Em muitas vitrines de lojas e escritórios, vê-se a plaquinha ou cartaz informando férias coletivas de funcionários:. “Saímos para o verão. Voltamos em setembro”. Não tivesse de escrever minhas colunas de jornal e os capítulos de um novo livro, iria seguir tão sábio exemplo.
Mas, para onde ir? País afora, interior adentro, é ainda pior. Imagens do satélite Sentinela-3B, do Projeto Copérnico, capturadas por câmeras especiais, oferecem-nos uma visão assustadora. Parecem fotografias da superfície solar — ou do próprio inferno.
Nelas, toda a Península Ibérica surge recoberta por uma colossal massa de ar quente, resultando em uma paleta de cores que vai do alaranjado intenso ao vermelho escuro — e, também, o completamente preto. Em algumas zonas do Alentejo, pontos acinzentados indicam que a temperatura do solo ali tem ultrapassado os 60 graus.
Como consequência da onda de calor, de norte a sul do país multiplicam-se os focos de incêndios rurais.
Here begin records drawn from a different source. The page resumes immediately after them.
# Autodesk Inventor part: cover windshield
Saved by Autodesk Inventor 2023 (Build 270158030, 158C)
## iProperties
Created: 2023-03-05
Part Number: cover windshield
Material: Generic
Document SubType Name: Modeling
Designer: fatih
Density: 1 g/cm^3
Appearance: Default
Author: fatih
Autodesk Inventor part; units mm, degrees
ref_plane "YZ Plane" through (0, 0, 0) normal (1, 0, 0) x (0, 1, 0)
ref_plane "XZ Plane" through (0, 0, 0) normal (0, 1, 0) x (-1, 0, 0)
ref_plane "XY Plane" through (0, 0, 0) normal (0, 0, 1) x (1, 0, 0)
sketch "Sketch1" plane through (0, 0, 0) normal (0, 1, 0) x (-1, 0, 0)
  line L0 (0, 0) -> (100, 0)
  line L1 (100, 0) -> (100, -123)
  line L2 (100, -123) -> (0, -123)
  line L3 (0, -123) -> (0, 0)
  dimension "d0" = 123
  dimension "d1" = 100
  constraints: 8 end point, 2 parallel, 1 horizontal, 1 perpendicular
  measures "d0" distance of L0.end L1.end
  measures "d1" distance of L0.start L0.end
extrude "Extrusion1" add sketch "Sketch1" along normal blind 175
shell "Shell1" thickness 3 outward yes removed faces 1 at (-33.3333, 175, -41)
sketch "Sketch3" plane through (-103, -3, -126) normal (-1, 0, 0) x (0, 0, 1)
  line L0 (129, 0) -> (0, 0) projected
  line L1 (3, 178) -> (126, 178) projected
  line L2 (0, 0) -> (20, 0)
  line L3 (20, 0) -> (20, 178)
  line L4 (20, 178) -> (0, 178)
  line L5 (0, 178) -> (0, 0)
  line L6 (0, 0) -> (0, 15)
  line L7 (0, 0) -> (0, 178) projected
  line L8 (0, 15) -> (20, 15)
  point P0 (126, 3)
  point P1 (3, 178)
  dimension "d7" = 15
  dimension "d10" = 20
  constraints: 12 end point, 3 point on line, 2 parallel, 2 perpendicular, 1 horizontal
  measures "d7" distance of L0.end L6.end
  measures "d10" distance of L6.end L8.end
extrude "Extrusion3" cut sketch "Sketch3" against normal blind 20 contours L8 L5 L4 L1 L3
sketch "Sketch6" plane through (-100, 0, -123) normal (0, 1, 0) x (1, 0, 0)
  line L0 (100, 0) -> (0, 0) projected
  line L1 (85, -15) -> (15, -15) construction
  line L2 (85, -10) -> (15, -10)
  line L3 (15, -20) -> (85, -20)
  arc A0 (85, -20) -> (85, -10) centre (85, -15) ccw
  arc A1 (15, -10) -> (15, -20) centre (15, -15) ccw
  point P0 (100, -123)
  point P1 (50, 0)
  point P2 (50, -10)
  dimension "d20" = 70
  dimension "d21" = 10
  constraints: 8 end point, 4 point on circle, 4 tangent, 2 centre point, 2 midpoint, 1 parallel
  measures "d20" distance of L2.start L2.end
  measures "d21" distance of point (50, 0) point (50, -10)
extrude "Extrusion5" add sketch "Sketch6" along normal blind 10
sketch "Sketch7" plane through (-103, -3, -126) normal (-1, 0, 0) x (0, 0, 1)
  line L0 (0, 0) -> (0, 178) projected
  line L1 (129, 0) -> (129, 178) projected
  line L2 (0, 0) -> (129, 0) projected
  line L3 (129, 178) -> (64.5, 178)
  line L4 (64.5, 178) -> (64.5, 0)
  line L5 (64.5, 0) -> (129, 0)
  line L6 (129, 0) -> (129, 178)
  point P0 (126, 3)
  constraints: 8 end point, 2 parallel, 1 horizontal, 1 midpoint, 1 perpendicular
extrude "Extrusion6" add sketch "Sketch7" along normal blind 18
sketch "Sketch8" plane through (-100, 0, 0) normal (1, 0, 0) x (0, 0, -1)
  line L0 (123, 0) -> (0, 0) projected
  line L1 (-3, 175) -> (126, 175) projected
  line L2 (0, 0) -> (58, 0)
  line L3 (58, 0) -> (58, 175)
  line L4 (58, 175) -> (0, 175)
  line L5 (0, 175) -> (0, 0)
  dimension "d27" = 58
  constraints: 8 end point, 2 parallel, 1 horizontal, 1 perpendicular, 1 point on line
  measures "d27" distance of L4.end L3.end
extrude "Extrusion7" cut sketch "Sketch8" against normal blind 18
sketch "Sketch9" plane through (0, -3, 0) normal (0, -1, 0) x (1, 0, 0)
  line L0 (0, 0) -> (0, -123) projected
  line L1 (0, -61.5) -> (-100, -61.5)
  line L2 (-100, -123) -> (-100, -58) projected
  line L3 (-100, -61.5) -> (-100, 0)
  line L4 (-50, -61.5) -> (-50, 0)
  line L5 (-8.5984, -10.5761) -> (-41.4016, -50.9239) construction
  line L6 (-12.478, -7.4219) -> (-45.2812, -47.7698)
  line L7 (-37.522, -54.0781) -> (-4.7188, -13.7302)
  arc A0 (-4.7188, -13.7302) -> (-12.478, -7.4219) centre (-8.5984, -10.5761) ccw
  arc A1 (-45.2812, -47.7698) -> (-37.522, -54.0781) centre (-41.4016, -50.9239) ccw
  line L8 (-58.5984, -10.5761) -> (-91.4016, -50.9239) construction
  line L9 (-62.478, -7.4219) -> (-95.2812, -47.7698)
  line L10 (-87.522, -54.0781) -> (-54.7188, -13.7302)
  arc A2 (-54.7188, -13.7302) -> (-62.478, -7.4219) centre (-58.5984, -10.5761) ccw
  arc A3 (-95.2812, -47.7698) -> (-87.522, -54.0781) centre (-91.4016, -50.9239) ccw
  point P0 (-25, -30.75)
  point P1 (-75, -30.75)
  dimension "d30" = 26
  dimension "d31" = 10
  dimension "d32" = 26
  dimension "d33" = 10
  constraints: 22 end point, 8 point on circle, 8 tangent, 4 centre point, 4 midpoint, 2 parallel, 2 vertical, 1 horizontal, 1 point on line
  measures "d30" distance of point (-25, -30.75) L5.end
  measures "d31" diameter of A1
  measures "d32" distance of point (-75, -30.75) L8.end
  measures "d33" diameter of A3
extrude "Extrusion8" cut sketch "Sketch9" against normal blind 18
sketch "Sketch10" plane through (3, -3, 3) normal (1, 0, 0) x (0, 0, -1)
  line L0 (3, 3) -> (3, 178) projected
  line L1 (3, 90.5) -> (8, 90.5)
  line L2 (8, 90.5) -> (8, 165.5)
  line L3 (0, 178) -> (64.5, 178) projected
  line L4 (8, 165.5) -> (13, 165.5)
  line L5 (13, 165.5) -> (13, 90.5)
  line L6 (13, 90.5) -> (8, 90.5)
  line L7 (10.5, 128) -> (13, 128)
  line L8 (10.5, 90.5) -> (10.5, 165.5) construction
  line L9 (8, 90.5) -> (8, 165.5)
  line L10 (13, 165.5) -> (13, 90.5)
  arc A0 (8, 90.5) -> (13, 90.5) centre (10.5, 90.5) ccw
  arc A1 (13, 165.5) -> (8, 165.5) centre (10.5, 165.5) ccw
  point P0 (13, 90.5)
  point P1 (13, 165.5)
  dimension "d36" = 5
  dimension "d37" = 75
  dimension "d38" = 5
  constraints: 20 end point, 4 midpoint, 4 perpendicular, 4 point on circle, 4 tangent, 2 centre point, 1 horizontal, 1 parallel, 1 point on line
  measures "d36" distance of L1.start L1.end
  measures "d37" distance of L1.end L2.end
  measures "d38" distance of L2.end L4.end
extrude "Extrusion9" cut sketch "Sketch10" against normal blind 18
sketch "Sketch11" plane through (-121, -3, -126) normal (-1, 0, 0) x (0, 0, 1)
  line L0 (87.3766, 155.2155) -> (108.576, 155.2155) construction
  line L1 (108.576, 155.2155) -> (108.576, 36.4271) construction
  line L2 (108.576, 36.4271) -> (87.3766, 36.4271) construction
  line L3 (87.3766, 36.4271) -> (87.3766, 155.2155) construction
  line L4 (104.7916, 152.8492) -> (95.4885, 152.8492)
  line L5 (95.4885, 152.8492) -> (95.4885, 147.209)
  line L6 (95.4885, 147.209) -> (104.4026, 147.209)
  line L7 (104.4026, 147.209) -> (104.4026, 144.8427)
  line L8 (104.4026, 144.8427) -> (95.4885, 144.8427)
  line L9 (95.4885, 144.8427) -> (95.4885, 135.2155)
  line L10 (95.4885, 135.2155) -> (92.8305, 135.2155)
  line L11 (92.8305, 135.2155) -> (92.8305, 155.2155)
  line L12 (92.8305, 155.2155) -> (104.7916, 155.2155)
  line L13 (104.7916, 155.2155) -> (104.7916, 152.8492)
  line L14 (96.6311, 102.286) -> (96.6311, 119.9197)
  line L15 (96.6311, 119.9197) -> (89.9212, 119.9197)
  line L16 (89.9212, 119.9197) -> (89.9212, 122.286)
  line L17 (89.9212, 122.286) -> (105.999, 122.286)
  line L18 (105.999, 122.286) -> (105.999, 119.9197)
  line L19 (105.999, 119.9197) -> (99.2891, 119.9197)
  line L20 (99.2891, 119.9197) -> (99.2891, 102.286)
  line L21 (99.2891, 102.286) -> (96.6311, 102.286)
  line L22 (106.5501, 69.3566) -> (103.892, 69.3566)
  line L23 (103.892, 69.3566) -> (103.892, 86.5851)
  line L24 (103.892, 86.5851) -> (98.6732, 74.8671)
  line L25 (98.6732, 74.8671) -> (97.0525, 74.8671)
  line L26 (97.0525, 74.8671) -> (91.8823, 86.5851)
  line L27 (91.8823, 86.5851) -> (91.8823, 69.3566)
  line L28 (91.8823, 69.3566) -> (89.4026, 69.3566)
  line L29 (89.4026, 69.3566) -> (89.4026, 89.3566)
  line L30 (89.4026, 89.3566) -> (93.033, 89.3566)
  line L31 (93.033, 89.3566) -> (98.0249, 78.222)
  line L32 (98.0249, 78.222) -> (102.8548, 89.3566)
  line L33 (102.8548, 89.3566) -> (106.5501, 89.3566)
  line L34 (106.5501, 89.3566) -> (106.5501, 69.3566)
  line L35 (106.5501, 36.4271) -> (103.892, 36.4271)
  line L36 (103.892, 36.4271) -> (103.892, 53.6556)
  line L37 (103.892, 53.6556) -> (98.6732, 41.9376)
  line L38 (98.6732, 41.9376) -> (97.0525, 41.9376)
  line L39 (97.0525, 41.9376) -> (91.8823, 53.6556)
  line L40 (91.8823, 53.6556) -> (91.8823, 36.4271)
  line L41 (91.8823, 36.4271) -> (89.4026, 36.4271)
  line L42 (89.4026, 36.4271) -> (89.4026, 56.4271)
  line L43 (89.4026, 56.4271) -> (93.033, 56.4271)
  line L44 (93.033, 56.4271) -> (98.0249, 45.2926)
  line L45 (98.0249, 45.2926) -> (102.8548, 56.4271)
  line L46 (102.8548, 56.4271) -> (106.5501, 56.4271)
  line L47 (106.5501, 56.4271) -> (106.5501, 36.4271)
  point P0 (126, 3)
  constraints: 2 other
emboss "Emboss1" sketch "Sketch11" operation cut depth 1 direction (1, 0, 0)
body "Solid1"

A maioria deles, segundo as autoridades, provocados pela mistura inflamável de altas temperaturas, vegetação ressequida, proliferação de eucaliptos no lugar da floresta nativa, abandono de propriedades, falta de limpeza de terrenos, negligências de toda ordem e, sabe-se, atos criminosos.
Na Península inteira, já são mais de mil mortes atribuídas à vaga de calor. Idosos, crianças e doentes crônicos são as principais vítimas. Na tevê, as cenas de casas, prédios e matagais em chamas se sucedem a cada minuto, monopolizando a pauta dos telejornais.
O rastro de destruição se espalha por todos os lados. Aldeias inteiras são evacuadas, estradas são obstruídas, aviões derramam tanques e mais tanques de água sobre o fogaréu.
Os incêndios agora se alastram por todo o continente europeu.
Com a crise climática, as notícias se repetem, a cada ano, rotineiramente assustadoras. A Terra está queimando. Literalmente.